In the 20th century, the influence of the far-right phenomenon upon public agenda and political systems became glaringly apparent, and its potency has been consistently growing in recent decades. The evolution of the far-right since its previous, twentieth-century iteration has become evident through both structural changes to its organizational composition as well as definitive shifts to the movement’s operational stratagem. The far-right political coalition has mutated from a hierarchical organization with a centralized operational command to a highly decentralized movement typified by “lone wolf” and “copycat” attacks driven by ideological rather than organizational influences. This shift in the movement’s approach to command and control occurred in conjunction with a marked escalation in the force of their terrorist ventures, from a ‘limited’ (soft) violence to ‘comprehensive’ (hard) violence demonstrated through mass casualty attacks mostly perpetrated by Lone Wolf actors.

 

1995 served as the watershed moment precipitating the above structural and operational changes, catalyzed by Timothy James McVeigh’s terrorist attack on the Alfred P. Murrah Federal Building in Oklahoma City on April 19th of that year. This act of domestic terror constituted the most fatal act of homegrown terrorism in United States’ history, and the first maximum-casualty terror attack perpetrated by a lone wolf. McVeigh’s attack altered the course of the far-right militia movement from which he derived his ideology. Prior to the Oklahoma City Bombing, white supremacist terrorists targeted specific individuals or groups considered enemies.
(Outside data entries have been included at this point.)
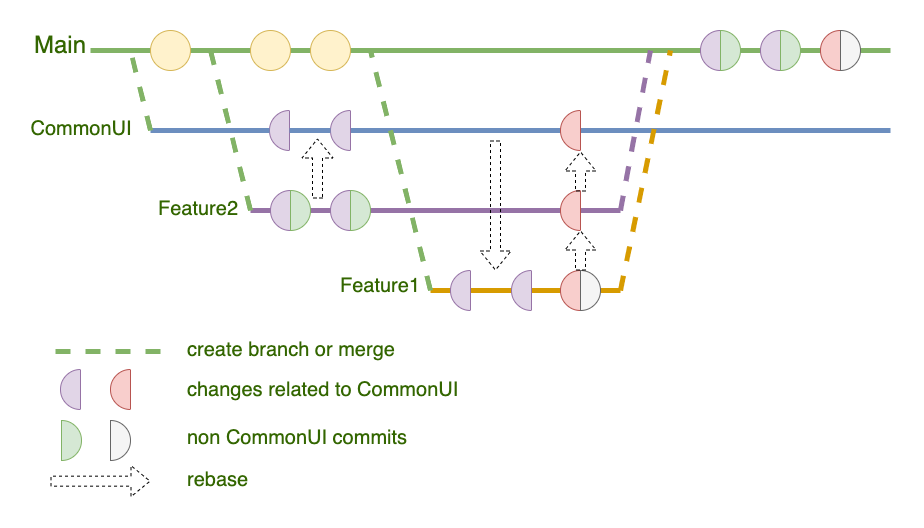

The diagram above was exported from draw.io. Its source (the exported page's mxGraphModel, read from the mxfile embedded in the PNG):
<mxGraphModel dx="695" dy="416" grid="1" gridSize="10" guides="1" tooltips="1" connect="1" arrows="1" fold="1" page="1" pageScale="1" pageWidth="5000" pageHeight="5000" math="0" shadow="0">
  <root>
    <mxCell id="0" />
    <mxCell id="1" parent="0" />
    <mxCell id="q4XG9uhbC-a1O_9-Cf7x-1" value="" style="endArrow=none;html=1;rounded=0;fillColor=#d5e8d4;strokeColor=#82b366;strokeWidth=5;startArrow=none;" edge="1" parent="1">
      <mxGeometry width="50" height="50" relative="1" as="geometry">
        <mxPoint x="480" y="120" as="sourcePoint" />
        <mxPoint x="920" y="120" as="targetPoint" />
      </mxGeometry>
    </mxCell>
    <mxCell id="q4XG9uhbC-a1O_9-Cf7x-2" value="Main" style="text;html=1;align=center;verticalAlign=middle;whiteSpace=wrap;rounded=0;fontSize=24;fontStyle=0;fontColor=#336600;" vertex="1" parent="1">
      <mxGeometry x="60" y="100" width="60" height="30" as="geometry" />
    </mxCell>
    <mxCell id="q4XG9uhbC-a1O_9-Cf7x-3" value="" style="endArrow=none;html=1;rounded=0;fillColor=#e1d5e7;strokeColor=#9673a6;strokeWidth=5;" edge="1" parent="1">
      <mxGeometry width="50" height="50" relative="1" as="geometry">
        <mxPoint x="280" y="280" as="sourcePoint" />
        <mxPoint x="650" y="280" as="targetPoint" />
      </mxGeometry>
    </mxCell>
    <mxCell id="q4XG9uhbC-a1O_9-Cf7x-4" value="" style="endArrow=none;html=1;rounded=0;fillColor=#dae8fc;strokeColor=#6c8ebf;strokeWidth=5;startArrow=none;" edge="1" parent="1" source="q4XG9uhbC-a1O_9-Cf7x-24">
      <mxGeometry width="50" height="50" relative="1" as="geometry">
        <mxPoint x="40" y="200" as="sourcePoint" />
        <mxPoint x="920" y="200" as="targetPoint" />
      </mxGeometry>
    </mxCell>
    <mxCell id="q4XG9uhbC-a1O_9-Cf7x-5" value="" style="endArrow=none;html=1;rounded=0;fillColor=#ffe6cc;strokeColor=#d79b00;strokeWidth=5;" edge="1" parent="1">
      <mxGeometry width="50" height="50" relative="1" as="geometry">
        <mxPoint x="460" y="360" as="sourcePoint" />
        <mxPoint x="650" y="360" as="targetPoint" />
      </mxGeometry>
    </mxCell>
    <mxCell id="q4XG9uhbC-a1O_9-Cf7x-6" value="CommonUI" style="text;html=1;align=center;verticalAlign=middle;whiteSpace=wrap;rounded=0;fontSize=20;fontStyle=0;fontColor=#336600;" vertex="1" parent="1">
      <mxGeometry x="81" y="183" width="60" height="30" as="geometry" />
    </mxCell>
    <mxCell id="q4XG9uhbC-a1O_9-Cf7x-7" value="Feature2" style="text;html=1;align=center;verticalAlign=middle;whiteSpace=wrap;rounded=0;fontSize=20;fontStyle=0;fontColor=#336600;" vertex="1" parent="1">
      <mxGeometry x="198" y="263" width="60" height="30" as="geometry" />
    </mxCell>
    <mxCell id="q4XG9uhbC-a1O_9-Cf7x-8" value="Feature1" style="text;html=1;align=center;verticalAlign=middle;whiteSpace=wrap;rounded=0;fontSize=20;fontStyle=0;fontColor=#336600;" vertex="1" parent="1">
      <mxGeometry x="380" y="340" width="60" height="30" as="geometry" />
    </mxCell>
    <mxCell id="q4XG9uhbC-a1O_9-Cf7x-12" value="" style="endArrow=none;html=1;rounded=0;strokeWidth=5;fontSize=24;fontColor=#336600;fillColor=#d5e8d4;strokeColor=#82b366;dashed=1;" edge="1" parent="1">
      <mxGeometry width="50" height="50" relative="1" as="geometry">
        <mxPoint x="280" y="280" as="sourcePoint" />
        <mxPoint x="240" y="120" as="targetPoint" />
      </mxGeometry>
    </mxCell>
    <mxCell id="q4XG9uhbC-a1O_9-Cf7x-16" value="" style="verticalLabelPosition=bottom;verticalAlign=top;html=1;shape=mxgraph.basic.half_circle;fontSize=24;rotation=90;fillColor=#e1d5e7;strokeColor=#9673a6;" vertex="1" parent="1">
      <mxGeometry x="290" y="270" width="40" height="20" as="geometry" />
    </mxCell>
    <mxCell id="q4XG9uhbC-a1O_9-Cf7x-17" value="" style="verticalLabelPosition=bottom;verticalAlign=top;html=1;shape=mxgraph.basic.half_circle;strokeColor=#82b366;fontSize=24;rotation=-90;fillColor=#d5e8d4;" vertex="1" parent="1">
      <mxGeometry x="310" y="270" width="40" height="20" as="geometry" />
    </mxCell>
    <mxCell id="q4XG9uhbC-a1O_9-Cf7x-20" value="" style="verticalLabelPosition=bottom;verticalAlign=top;html=1;shape=mxgraph.basic.half_circle;fontSize=24;rotation=90;fillColor=#e1d5e7;strokeColor=#9673a6;" vertex="1" parent="1">
      <mxGeometry x="289" y="190" width="40" height="20" as="geometry" />
    </mxCell>
    <mxCell id="q4XG9uhbC-a1O_9-Cf7x-21" value="" style="endArrow=none;html=1;rounded=0;fillColor=#dae8fc;strokeColor=#6c8ebf;strokeWidth=5;" edge="1" parent="1" target="q4XG9uhbC-a1O_9-Cf7x-20">
      <mxGeometry width="50" height="50" relative="1" as="geometry">
        <mxPoint x="180" y="200" as="sourcePoint" />
        <mxPoint x="920" y="200" as="targetPoint" />
      </mxGeometry>
    </mxCell>
    <mxCell id="q4XG9uhbC-a1O_9-Cf7x-22" value="" style="verticalLabelPosition=bottom;verticalAlign=top;html=1;shape=mxgraph.basic.half_circle;fontSize=24;rotation=90;fillColor=#e1d5e7;strokeColor=#9673a6;" vertex="1" parent="1">
      <mxGeometry x="350" y="270" width="40" height="20" as="geometry" />
    </mxCell>
    <mxCell id="q4XG9uhbC-a1O_9-Cf7x-23" value="" style="verticalLabelPosition=bottom;verticalAlign=top;html=1;shape=mxgraph.basic.half_circle;strokeColor=#82b366;fontSize=24;rotation=-90;fillColor=#d5e8d4;" vertex="1" parent="1">
      <mxGeometry x="370" y="270" width="40" height="20" as="geometry" />
    </mxCell>
    <mxCell id="q4XG9uhbC-a1O_9-Cf7x-24" value="" style="verticalLabelPosition=bottom;verticalAlign=top;html=1;shape=mxgraph.basic.half_circle;fontSize=24;rotation=90;fillColor=#e1d5e7;strokeColor=#9673a6;" vertex="1" parent="1">
      <mxGeometry x="350" y="190" width="40" height="20" as="geometry" />
    </mxCell>
    <mxCell id="q4XG9uhbC-a1O_9-Cf7x-25" value="" style="endArrow=none;html=1;rounded=0;fillColor=#dae8fc;strokeColor=#6c8ebf;strokeWidth=5;startArrow=none;" edge="1" parent="1" source="q4XG9uhbC-a1O_9-Cf7x-20" target="q4XG9uhbC-a1O_9-Cf7x-24">
      <mxGeometry width="50" height="50" relative="1" as="geometry">
        <mxPoint x="472" y="200" as="sourcePoint" />
        <mxPoint x="920" y="200" as="targetPoint" />
      </mxGeometry>
    </mxCell>
    <mxCell id="q4XG9uhbC-a1O_9-Cf7x-29" value="" style="endArrow=none;html=1;rounded=0;fillColor=#d5e8d4;strokeColor=#82b366;strokeWidth=5;startArrow=none;" edge="1" parent="1">
      <mxGeometry width="50" height="50" relative="1" as="geometry">
        <mxPoint x="120" y="120" as="sourcePoint" />
        <mxPoint x="482" y="120" as="targetPoint" />
      </mxGeometry>
    </mxCell>
    <mxCell id="q4XG9uhbC-a1O_9-Cf7x-26" value="" style="ellipse;whiteSpace=wrap;html=1;aspect=fixed;fontSize=24;fillColor=#fff2cc;strokeColor=#d6b656;" vertex="1" parent="1">
      <mxGeometry x="340" y="100" width="40" height="40" as="geometry" />
    </mxCell>
    <mxCell id="q4XG9uhbC-a1O_9-Cf7x-27" value="" style="ellipse;whiteSpace=wrap;html=1;aspect=fixed;fontSize=24;fillColor=#fff2cc;strokeColor=#d6b656;" vertex="1" parent="1">
      <mxGeometry x="280" y="100" width="40" height="40" as="geometry" />
    </mxCell>
    <mxCell id="q4XG9uhbC-a1O_9-Cf7x-30" value="" style="endArrow=none;html=1;rounded=0;strokeWidth=5;fontSize=24;fontColor=#336600;fillColor=#d5e8d4;strokeColor=#82b366;dashed=1;" edge="1" parent="1">
      <mxGeometry width="50" height="50" relative="1" as="geometry">
        <mxPoint x="460" y="360" as="sourcePoint" />
        <mxPoint x="400" y="120" as="targetPoint" />
      </mxGeometry>
    </mxCell>
    <mxCell id="q4XG9uhbC-a1O_9-Cf7x-9" value="" style="ellipse;whiteSpace=wrap;html=1;aspect=fixed;fontSize=24;fillColor=#fff2cc;strokeColor=#d6b656;" vertex="1" parent="1">
      <mxGeometry x="180" y="100" width="40" height="40" as="geometry" />
    </mxCell>
    <mxCell id="q4XG9uhbC-a1O_9-Cf7x-31" value="" style="endArrow=none;html=1;rounded=0;strokeWidth=5;fontSize=24;fontColor=#336600;fillColor=#d5e8d4;strokeColor=#82b366;dashed=1;" edge="1" parent="1">
      <mxGeometry width="50" height="50" relative="1" as="geometry">
        <mxPoint x="180" y="200" as="sourcePoint" />
        <mxPoint x="160" y="120" as="targetPoint" />
      </mxGeometry>
    </mxCell>
    <mxCell id="q4XG9uhbC-a1O_9-Cf7x-32" value="" style="shape=flexArrow;endArrow=classic;html=1;rounded=0;dashed=1;strokeWidth=1;fontSize=20;fontColor=#336600;" edge="1" parent="1">
      <mxGeometry width="50" height="50" relative="1" as="geometry">
        <mxPoint x="347" y="268" as="sourcePoint" />
        <mxPoint x="347" y="208" as="targetPoint" />
      </mxGeometry>
    </mxCell>
    <mxCell id="q4XG9uhbC-a1O_9-Cf7x-33" value="" style="shape=flexArrow;endArrow=classic;html=1;rounded=0;dashed=1;strokeWidth=1;fontSize=20;fontColor=#336600;" edge="1" parent="1">
      <mxGeometry width="50" height="50" relative="1" as="geometry">
        <mxPoint x="525" y="210" as="sourcePoint" />
        <mxPoint x="525" y="340" as="targetPoint" />
      </mxGeometry>
    </mxCell>
    <mxCell id="q4XG9uhbC-a1O_9-Cf7x-34" value="" style="verticalLabelPosition=bottom;verticalAlign=top;html=1;shape=mxgraph.basic.half_circle;fontSize=24;rotation=90;fillColor=#e1d5e7;strokeColor=#9673a6;" vertex="1" parent="1">
      <mxGeometry x="470" y="350" width="40" height="20" as="geometry" />
    </mxCell>
    <mxCell id="q4XG9uhbC-a1O_9-Cf7x-35" value="" style="verticalLabelPosition=bottom;verticalAlign=top;html=1;shape=mxgraph.basic.half_circle;fontSize=24;rotation=90;fillColor=#e1d5e7;strokeColor=#9673a6;" vertex="1" parent="1">
      <mxGeometry x="531" y="350" width="40" height="20" as="geometry" />
    </mxCell>
    <mxCell id="q4XG9uhbC-a1O_9-Cf7x-36" value="" style="verticalLabelPosition=bottom;verticalAlign=top;html=1;shape=mxgraph.basic.half_circle;fontSize=24;rotation=90;fillColor=#f8cecc;strokeColor=#b85450;" vertex="1" parent="1">
      <mxGeometry x="580" y="350" width="40" height="20" as="geometry" />
    </mxCell>
    <mxCell id="q4XG9uhbC-a1O_9-Cf7x-37" value="" style="verticalLabelPosition=bottom;verticalAlign=top;html=1;shape=mxgraph.basic.half_circle;strokeColor=#666666;fontSize=24;rotation=-90;fillColor=#f5f5f5;fontColor=#333333;" vertex="1" parent="1">
      <mxGeometry x="600" y="350" width="40" height="20" as="geometry" />
    </mxCell>
    <mxCell id="q4XG9uhbC-a1O_9-Cf7x-39" value="" style="verticalLabelPosition=bottom;verticalAlign=top;html=1;shape=mxgraph.basic.half_circle;fontSize=24;rotation=90;fillColor=#f8cecc;strokeColor=#b85450;" vertex="1" parent="1">
      <mxGeometry x="580" y="270" width="40" height="20" as="geometry" />
    </mxCell>
    <mxCell id="q4XG9uhbC-a1O_9-Cf7x-40" value="" style="shape=flexArrow;endArrow=classic;html=1;rounded=0;dashed=1;strokeWidth=1;fontSize=20;fontColor=#336600;exitX=1;exitY=0;exitDx=0;exitDy=0;exitPerimeter=0;" edge="1" parent="1" source="q4XG9uhbC-a1O_9-Cf7x-37">
      <mxGeometry width="50" height="50" relative="1" as="geometry">
        <mxPoint x="610" y="330" as="sourcePoint" />
        <mxPoint x="610" y="300" as="targetPoint" />
      </mxGeometry>
    </mxCell>
    <mxCell id="q4XG9uhbC-a1O_9-Cf7x-41" value="" style="shape=flexArrow;endArrow=classic;html=1;rounded=0;dashed=1;strokeWidth=1;fontSize=20;fontColor=#336600;exitX=1;exitY=0;exitDx=0;exitDy=0;exitPerimeter=0;" edge="1" parent="1">
      <mxGeometry width="50" height="50" relative="1" as="geometry">
        <mxPoint x="610" y="261" as="sourcePoint" />
        <mxPoint x="610" y="221" as="targetPoint" />
      </mxGeometry>
    </mxCell>
    <mxCell id="q4XG9uhbC-a1O_9-Cf7x-42" value="" style="verticalLabelPosition=bottom;verticalAlign=top;html=1;shape=mxgraph.basic.half_circle;fontSize=24;rotation=90;fillColor=#f8cecc;strokeColor=#b85450;" vertex="1" parent="1">
      <mxGeometry x="580" y="190" width="40" height="20" as="geometry" />
    </mxCell>
    <mxCell id="q4XG9uhbC-a1O_9-Cf7x-44" value="" style="endArrow=none;html=1;rounded=0;strokeWidth=5;fontSize=24;fontColor=#336600;fillColor=#ffe6cc;strokeColor=#d79b00;dashed=1;" edge="1" parent="1">
      <mxGeometry width="50" height="50" relative="1" as="geometry">
        <mxPoint x="650" y="360" as="sourcePoint" />
        <mxPoint x="700" y="120" as="targetPoint" />
      </mxGeometry>
    </mxCell>
    <mxCell id="q4XG9uhbC-a1O_9-Cf7x-45" value="" style="endArrow=none;html=1;rounded=0;strokeWidth=5;fontSize=24;fontColor=#336600;fillColor=#e1d5e7;strokeColor=#9673a6;dashed=1;" edge="1" parent="1">
      <mxGeometry width="50" height="50" relative="1" as="geometry">
        <mxPoint x="650" y="280" as="sourcePoint" />
        <mxPoint x="680" y="120" as="targetPoint" />
      </mxGeometry>
    </mxCell>
    <mxCell id="q4XG9uhbC-a1O_9-Cf7x-46" value="" style="verticalLabelPosition=bottom;verticalAlign=top;html=1;shape=mxgraph.basic.half_circle;fontSize=24;rotation=90;fillColor=#e1d5e7;strokeColor=#9673a6;" vertex="1" parent="1">
      <mxGeometry x="720" y="110" width="40" height="20" as="geometry" />
    </mxCell>
    <mxCell id="q4XG9uhbC-a1O_9-Cf7x-47" value="" style="verticalLabelPosition=bottom;verticalAlign=top;html=1;shape=mxgraph.basic.half_circle;strokeColor=#82b366;fontSize=24;rotation=-90;fillColor=#d5e8d4;" vertex="1" parent="1">
      <mxGeometry x="740" y="110" width="40" height="20" as="geometry" />
    </mxCell>
    <mxCell id="q4XG9uhbC-a1O_9-Cf7x-48" value="" style="verticalLabelPosition=bottom;verticalAlign=top;html=1;shape=mxgraph.basic.half_circle;fontSize=24;rotation=90;fillColor=#e1d5e7;strokeColor=#9673a6;" vertex="1" parent="1">
      <mxGeometry x="780" y="110" width="40" height="20" as="geometry" />
    </mxCell>
    <mxCell id="q4XG9uhbC-a1O_9-Cf7x-49" value="" style="verticalLabelPosition=bottom;verticalAlign=top;html=1;shape=mxgraph.basic.half_circle;strokeColor=#82b366;fontSize=24;rotation=-90;fillColor=#d5e8d4;" vertex="1" parent="1">
      <mxGeometry x="800" y="110" width="40" height="20" as="geometry" />
    </mxCell>
    <mxCell id="q4XG9uhbC-a1O_9-Cf7x-50" value="" style="verticalLabelPosition=bottom;verticalAlign=top;html=1;shape=mxgraph.basic.half_circle;fontSize=24;rotation=90;fillColor=#f8cecc;strokeColor=#b85450;" vertex="1" parent="1">
      <mxGeometry x="840" y="110" width="40" height="20" as="geometry" />
    </mxCell>
    <mxCell id="q4XG9uhbC-a1O_9-Cf7x-51" value="" style="verticalLabelPosition=bottom;verticalAlign=top;html=1;shape=mxgraph.basic.half_circle;strokeColor=#666666;fontSize=24;rotation=-90;fillColor=#f5f5f5;fontColor=#333333;" vertex="1" parent="1">
      <mxGeometry x="860" y="110" width="40" height="20" as="geometry" />
    </mxCell>
    <mxCell id="q4XG9uhbC-a1O_9-Cf7x-52" value="" style="endArrow=none;html=1;rounded=0;strokeWidth=5;fontSize=24;fontColor=#336600;fillColor=#d5e8d4;strokeColor=#82b366;dashed=1;" edge="1" parent="1">
      <mxGeometry width="50" height="50" relative="1" as="geometry">
        <mxPoint x="190" y="421" as="sourcePoint" />
        <mxPoint x="70" y="421" as="targetPoint" />
      </mxGeometry>
    </mxCell>
    <mxCell id="q4XG9uhbC-a1O_9-Cf7x-53" value="create branch or merge" style="text;html=1;align=left;verticalAlign=middle;whiteSpace=wrap;rounded=0;fontSize=20;fontStyle=0;fontColor=#336600;" vertex="1" parent="1">
      <mxGeometry x="215" y="404" width="265" height="30" as="geometry" />
    </mxCell>
    <mxCell id="q4XG9uhbC-a1O_9-Cf7x-54" value="changes related to CommonUI" style="text;html=1;align=left;verticalAlign=middle;whiteSpace=wrap;rounded=0;fontSize=20;fontStyle=0;fontColor=#336600;" vertex="1" parent="1">
      <mxGeometry x="215" y="444" width="315" height="30" as="geometry" />
    </mxCell>
    <mxCell id="q4XG9uhbC-a1O_9-Cf7x-55" value="non CommonUI commits" style="text;html=1;align=left;verticalAlign=middle;whiteSpace=wrap;rounded=0;fontSize=20;fontStyle=0;fontColor=#336600;" vertex="1" parent="1">
      <mxGeometry x="215" y="492" width="265" height="30" as="geometry" />
    </mxCell>
    <mxCell id="q4XG9uhbC-a1O_9-Cf7x-56" value="" style="verticalLabelPosition=bottom;verticalAlign=top;html=1;shape=mxgraph.basic.half_circle;fontSize=24;rotation=90;fillColor=#e1d5e7;strokeColor=#9673a6;" vertex="1" parent="1">
      <mxGeometry x="80" y="449" width="40" height="20" as="geometry" />
    </mxCell>
    <mxCell id="q4XG9uhbC-a1O_9-Cf7x-57" value="" style="verticalLabelPosition=bottom;verticalAlign=top;html=1;shape=mxgraph.basic.half_circle;fontSize=24;rotation=90;fillColor=#f8cecc;strokeColor=#b85450;" vertex="1" parent="1">
      <mxGeometry x="130" y="449" width="40" height="20" as="geometry" />
    </mxCell>
    <mxCell id="q4XG9uhbC-a1O_9-Cf7x-58" value="" style="verticalLabelPosition=bottom;verticalAlign=top;html=1;shape=mxgraph.basic.half_circle;strokeColor=#82b366;fontSize=24;rotation=-90;fillColor=#d5e8d4;" vertex="1" parent="1">
      <mxGeometry x="81" y="500" width="40" height="20" as="geometry" />
    </mxCell>
    <mxCell id="q4XG9uhbC-a1O_9-Cf7x-59" value="" style="verticalLabelPosition=bottom;verticalAlign=top;html=1;shape=mxgraph.basic.half_circle;strokeColor=#666666;fontSize=24;rotation=-90;fillColor=#f5f5f5;fontColor=#333333;" vertex="1" parent="1">
      <mxGeometry x="130" y="500" width="40" height="20" as="geometry" />
    </mxCell>
    <mxCell id="q4XG9uhbC-a1O_9-Cf7x-62" value="" style="shape=flexArrow;endArrow=classic;html=1;rounded=0;dashed=1;strokeWidth=1;fontSize=20;fontColor=#336600;" edge="1" parent="1">
      <mxGeometry width="50" height="50" relative="1" as="geometry">
        <mxPoint x="80" y="550.6700000000001" as="sourcePoint" />
        <mxPoint x="180" y="550.6700000000001" as="targetPoint" />
      </mxGeometry>
    </mxCell>
    <mxCell id="q4XG9uhbC-a1O_9-Cf7x-63" value="rebase" style="text;html=1;align=left;verticalAlign=middle;whiteSpace=wrap;rounded=0;fontSize=20;fontStyle=0;fontColor=#336600;" vertex="1" parent="1">
      <mxGeometry x="215" y="534" width="265" height="30" as="geometry" />
    </mxCell>
  </root>
</mxGraphModel>

McVeigh diverted from this established framework, intending to commit mass murder for the sake of inflicting a massive body count that would grab the attention of the wider population and inspire ‘brothers in arms’ to mobilize in the name of the white supremacist ideology. The attack’s success thereby triggered a fundamental shift in the trajectory of white power activism, spawning a new generation of radical extremists motivated to emulate and replicate McVeigh’s Lone Wolf modus operandi. The prolific legacy of the Oklahoma City bombing, coupled with the rapid technological advancements of the digital age, have formed a fertile ground for the internationalization of the white supremacist movement. No longer constrained by physical boundaries, far-right influencers have embraced the internet and social media as a means to disseminate their message, connect with like-minded individuals and expand their spheres of influence far beyond their specific geographic area. Within this modern, digitized far-right community, traditional organizational hierarchies are rendered obsolete, replaced by a decentralized and diffused online ecosystem in which the internet is weaponized as the agent of the “leaderless resistance”.

 

Furthermore, concurrently to the proliferation of violent, extremist rhetoric across the internet, other factions within the far-right ideological constellation have pursued a separate endeavor, attempting to legitimize racist, white supremacist discourse within mainstream politics. This normalization of racial identity politics is facilitated through rapid increase in far-right political parties which, by carefully manipulating latent xenophobic tendencies emanating from mainstream political issues such as immigration and Islamic terror, have galvanized massive public support and been elected into European parliaments.

 

The extremist far-right narrative considers the existing state apparatus inherently corrupt, seeking to topple the current political regime and the established social order in favor of a white ethnostate. In this sense, they are no different than the global jihadist organizations that seek to replace the current global political order with a worldwide caliphate, in which all mankind would live under the principles of Islamic jurisprudence. In order to actualize this idealized Islamic society, ardent Islamists enlist Da’wa and Jihad, the established methodology to accelerate the imposition of Islamic Law upon the world. However, despite these general similarities, unlike the global jihadi movement, the far-right is entirely devoid of a coherent governing ideology that delineates the parameters of accepted behavior Despite the overarching thematic commonalities, the new radical right of the twenty-first century is by no means a cohesive movement with a single defined philosophy or strategy. Instead, it encompasses a broad spectrum of ideological groups and subgroups, some in agreement and others in adamant disavowal of each other’s positions. Each ideological group has different demographics, subcultures and core beliefs that influence their modi operandi and potential to pose a legitimate domestic terror threat.

 

The far-right phenomenon has, in recent years, emerged as a virulent threat to national security, with white supremacist terrorism significantly outpacing terrorism from other perpetrators. Contending with the terrorist threat posed by the far-right is challenging, and therefore requires a deep understanding of contemporary white supremacist groups and ideologies: their guiding doctrines, strategies and organizational structures; the movement’s spoken and projected linguistic discourse; influencers and role models; cultural milieus; as well as leverageable opportunities to promote deradicalization.

 

This article aims to provide a comprehensive overview of the far-right phenomenon, in order to facilitate the formation of a general typological framework through which to assess threats posed by any current or future far-right affiliated groups.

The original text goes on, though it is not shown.